─── Data supplied ───

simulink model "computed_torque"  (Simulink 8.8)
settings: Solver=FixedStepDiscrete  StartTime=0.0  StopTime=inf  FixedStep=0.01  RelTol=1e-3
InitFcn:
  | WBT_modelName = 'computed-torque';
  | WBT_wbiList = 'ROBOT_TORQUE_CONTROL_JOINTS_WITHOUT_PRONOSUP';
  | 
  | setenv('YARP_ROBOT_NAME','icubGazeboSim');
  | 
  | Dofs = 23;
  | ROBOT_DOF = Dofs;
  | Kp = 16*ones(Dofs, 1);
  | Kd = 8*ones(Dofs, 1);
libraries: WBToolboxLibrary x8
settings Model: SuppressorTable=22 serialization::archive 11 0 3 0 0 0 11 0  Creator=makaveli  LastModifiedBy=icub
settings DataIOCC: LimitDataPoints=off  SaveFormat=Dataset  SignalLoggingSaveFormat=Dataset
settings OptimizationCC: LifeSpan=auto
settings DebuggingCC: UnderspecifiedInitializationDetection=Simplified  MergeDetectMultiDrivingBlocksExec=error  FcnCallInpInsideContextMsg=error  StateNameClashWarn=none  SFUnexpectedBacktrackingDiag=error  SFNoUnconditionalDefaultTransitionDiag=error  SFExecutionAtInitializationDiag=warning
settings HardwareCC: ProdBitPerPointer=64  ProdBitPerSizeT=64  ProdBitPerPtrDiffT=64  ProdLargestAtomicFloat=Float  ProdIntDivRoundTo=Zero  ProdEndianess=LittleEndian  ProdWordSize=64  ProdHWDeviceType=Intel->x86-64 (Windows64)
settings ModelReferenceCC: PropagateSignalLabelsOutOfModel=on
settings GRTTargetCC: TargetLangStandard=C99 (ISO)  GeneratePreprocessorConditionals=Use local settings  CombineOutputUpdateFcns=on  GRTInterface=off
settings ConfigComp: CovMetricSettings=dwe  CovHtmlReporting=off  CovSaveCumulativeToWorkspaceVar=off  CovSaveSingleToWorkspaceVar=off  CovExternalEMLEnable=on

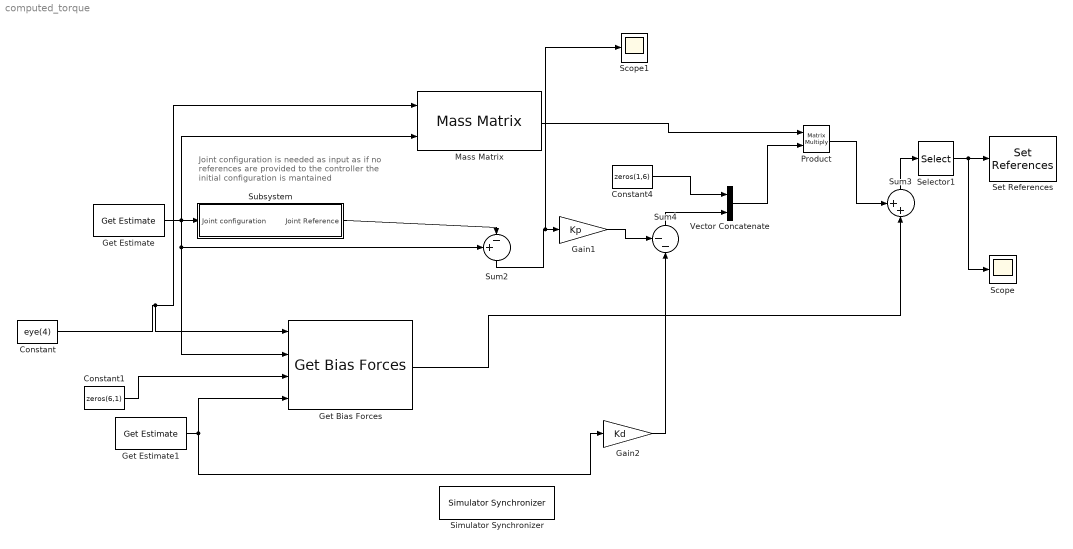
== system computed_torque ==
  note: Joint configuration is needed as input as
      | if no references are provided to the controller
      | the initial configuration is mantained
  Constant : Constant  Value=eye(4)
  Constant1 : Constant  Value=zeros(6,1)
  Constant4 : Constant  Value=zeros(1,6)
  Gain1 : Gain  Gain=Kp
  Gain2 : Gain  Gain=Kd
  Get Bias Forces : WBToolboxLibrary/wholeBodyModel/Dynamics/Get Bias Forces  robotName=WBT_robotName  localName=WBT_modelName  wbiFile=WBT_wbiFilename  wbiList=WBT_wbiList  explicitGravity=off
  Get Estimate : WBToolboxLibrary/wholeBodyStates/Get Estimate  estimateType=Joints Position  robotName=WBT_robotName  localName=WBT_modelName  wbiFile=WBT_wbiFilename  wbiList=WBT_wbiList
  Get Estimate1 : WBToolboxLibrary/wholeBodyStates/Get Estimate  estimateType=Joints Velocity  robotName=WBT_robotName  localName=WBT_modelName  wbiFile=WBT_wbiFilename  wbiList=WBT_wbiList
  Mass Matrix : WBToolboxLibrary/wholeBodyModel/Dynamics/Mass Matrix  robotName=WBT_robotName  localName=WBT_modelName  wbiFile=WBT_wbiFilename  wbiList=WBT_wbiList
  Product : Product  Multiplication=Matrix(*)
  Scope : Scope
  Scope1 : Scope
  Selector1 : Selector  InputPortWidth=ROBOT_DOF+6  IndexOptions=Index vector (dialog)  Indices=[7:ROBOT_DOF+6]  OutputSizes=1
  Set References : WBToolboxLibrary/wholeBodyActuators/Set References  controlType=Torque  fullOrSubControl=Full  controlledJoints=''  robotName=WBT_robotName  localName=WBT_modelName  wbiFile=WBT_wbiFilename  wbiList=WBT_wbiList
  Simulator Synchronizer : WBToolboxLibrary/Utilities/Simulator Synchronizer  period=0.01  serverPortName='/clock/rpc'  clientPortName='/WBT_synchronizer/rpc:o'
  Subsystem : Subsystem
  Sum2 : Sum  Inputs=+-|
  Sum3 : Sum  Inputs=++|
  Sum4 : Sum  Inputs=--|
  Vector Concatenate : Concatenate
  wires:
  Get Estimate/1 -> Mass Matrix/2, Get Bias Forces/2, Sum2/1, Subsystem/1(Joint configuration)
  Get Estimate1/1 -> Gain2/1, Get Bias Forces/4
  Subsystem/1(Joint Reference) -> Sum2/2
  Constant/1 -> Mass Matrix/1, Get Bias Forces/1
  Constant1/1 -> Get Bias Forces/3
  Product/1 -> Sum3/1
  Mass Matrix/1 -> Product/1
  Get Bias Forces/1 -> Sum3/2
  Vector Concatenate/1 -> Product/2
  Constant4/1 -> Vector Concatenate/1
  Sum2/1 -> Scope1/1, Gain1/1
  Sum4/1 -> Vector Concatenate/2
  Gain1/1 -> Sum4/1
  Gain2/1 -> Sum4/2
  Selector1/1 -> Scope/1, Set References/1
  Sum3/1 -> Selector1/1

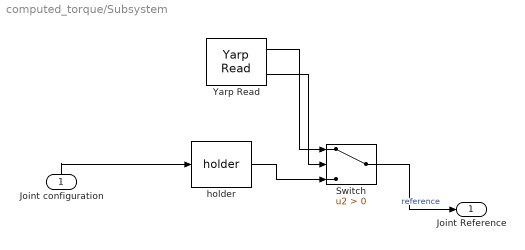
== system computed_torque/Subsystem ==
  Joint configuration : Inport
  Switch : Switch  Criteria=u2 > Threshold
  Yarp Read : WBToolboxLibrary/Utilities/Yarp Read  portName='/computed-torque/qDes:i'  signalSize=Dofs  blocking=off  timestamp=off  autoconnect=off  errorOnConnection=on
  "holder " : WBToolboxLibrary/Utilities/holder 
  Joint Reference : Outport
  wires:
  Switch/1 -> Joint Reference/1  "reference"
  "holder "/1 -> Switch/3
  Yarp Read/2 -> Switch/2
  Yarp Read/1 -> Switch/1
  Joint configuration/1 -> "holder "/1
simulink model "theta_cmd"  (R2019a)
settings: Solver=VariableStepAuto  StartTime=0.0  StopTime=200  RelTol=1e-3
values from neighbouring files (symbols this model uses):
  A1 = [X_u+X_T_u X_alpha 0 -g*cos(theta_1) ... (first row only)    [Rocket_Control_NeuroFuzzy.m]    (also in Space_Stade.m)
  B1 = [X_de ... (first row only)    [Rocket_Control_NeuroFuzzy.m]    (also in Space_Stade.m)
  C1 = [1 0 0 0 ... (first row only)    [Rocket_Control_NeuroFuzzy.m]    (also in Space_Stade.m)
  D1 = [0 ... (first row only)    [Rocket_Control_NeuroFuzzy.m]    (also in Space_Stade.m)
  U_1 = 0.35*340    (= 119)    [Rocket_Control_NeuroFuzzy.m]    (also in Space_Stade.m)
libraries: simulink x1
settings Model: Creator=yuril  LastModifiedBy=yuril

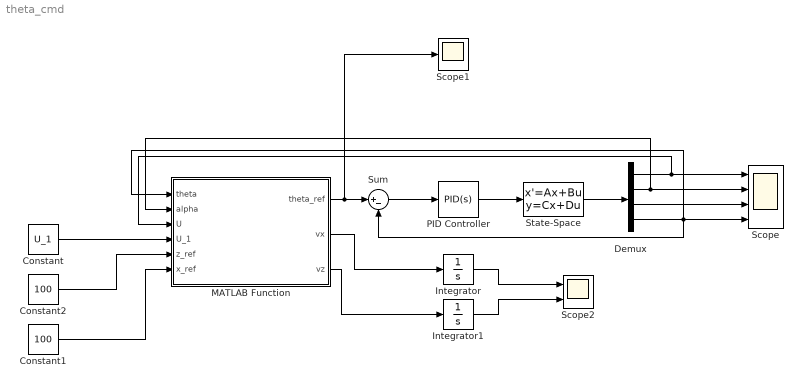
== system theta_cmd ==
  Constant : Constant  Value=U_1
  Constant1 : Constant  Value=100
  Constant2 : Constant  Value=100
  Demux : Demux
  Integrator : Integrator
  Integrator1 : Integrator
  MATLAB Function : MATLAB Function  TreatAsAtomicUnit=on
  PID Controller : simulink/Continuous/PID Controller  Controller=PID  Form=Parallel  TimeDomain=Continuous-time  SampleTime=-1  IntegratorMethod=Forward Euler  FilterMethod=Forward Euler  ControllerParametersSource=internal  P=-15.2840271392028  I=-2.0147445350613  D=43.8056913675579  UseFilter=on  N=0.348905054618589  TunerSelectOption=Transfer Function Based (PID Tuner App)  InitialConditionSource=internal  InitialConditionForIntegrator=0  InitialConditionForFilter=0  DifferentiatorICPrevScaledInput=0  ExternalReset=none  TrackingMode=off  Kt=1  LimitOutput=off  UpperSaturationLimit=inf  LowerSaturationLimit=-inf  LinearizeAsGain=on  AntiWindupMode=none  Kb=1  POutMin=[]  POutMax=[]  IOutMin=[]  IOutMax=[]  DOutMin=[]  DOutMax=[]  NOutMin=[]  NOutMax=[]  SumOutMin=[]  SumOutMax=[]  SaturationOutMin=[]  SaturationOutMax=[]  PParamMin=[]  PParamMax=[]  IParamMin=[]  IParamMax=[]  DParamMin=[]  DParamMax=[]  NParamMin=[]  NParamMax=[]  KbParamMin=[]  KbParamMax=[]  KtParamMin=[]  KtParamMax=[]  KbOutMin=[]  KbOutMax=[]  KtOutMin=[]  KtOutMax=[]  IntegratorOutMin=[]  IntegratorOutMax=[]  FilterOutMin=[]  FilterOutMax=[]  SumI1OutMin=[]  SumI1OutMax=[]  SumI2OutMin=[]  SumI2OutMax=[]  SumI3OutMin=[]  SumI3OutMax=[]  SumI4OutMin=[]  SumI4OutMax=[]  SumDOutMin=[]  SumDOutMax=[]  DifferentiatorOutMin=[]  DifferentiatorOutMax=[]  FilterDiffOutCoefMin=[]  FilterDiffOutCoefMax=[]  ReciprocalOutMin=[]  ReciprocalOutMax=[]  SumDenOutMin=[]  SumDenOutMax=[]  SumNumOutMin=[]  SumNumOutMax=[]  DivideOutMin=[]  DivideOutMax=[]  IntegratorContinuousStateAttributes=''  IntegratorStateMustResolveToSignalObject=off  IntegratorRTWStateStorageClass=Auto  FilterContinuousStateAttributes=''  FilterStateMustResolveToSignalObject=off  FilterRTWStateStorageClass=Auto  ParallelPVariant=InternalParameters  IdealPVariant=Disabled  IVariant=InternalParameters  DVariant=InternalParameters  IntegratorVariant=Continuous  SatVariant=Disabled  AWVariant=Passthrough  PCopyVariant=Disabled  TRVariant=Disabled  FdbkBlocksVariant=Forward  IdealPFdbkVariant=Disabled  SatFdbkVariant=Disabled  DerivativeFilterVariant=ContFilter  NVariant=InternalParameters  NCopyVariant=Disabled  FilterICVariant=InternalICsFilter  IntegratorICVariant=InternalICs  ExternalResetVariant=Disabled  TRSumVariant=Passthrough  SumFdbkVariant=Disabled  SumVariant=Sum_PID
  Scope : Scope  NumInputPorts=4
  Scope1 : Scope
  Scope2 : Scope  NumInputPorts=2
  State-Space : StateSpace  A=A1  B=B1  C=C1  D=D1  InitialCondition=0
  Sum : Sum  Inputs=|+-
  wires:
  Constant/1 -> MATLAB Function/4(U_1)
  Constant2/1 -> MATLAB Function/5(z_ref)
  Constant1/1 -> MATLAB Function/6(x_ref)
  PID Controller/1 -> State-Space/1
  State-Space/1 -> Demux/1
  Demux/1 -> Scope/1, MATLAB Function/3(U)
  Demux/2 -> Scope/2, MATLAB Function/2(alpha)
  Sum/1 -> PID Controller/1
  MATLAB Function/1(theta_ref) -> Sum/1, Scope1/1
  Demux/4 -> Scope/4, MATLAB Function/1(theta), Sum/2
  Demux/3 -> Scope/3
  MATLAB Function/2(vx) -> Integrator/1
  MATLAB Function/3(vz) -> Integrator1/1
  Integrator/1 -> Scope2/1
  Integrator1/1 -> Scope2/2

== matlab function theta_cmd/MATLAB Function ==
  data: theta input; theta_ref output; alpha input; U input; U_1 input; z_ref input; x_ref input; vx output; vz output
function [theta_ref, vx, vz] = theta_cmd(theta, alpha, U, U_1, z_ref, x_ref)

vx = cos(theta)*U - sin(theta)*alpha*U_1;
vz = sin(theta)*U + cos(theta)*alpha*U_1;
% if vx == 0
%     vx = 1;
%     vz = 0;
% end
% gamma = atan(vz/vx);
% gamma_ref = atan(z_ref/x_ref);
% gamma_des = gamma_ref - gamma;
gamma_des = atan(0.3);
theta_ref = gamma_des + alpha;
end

───

■ **What the exercise asks**
All lines above that include the word "atan" should be located and copied.

■ **Result**
% gamma = atan(vz/vx);
% gamma_ref = atan(z_ref/x_ref);
gamma_des = atan(0.3);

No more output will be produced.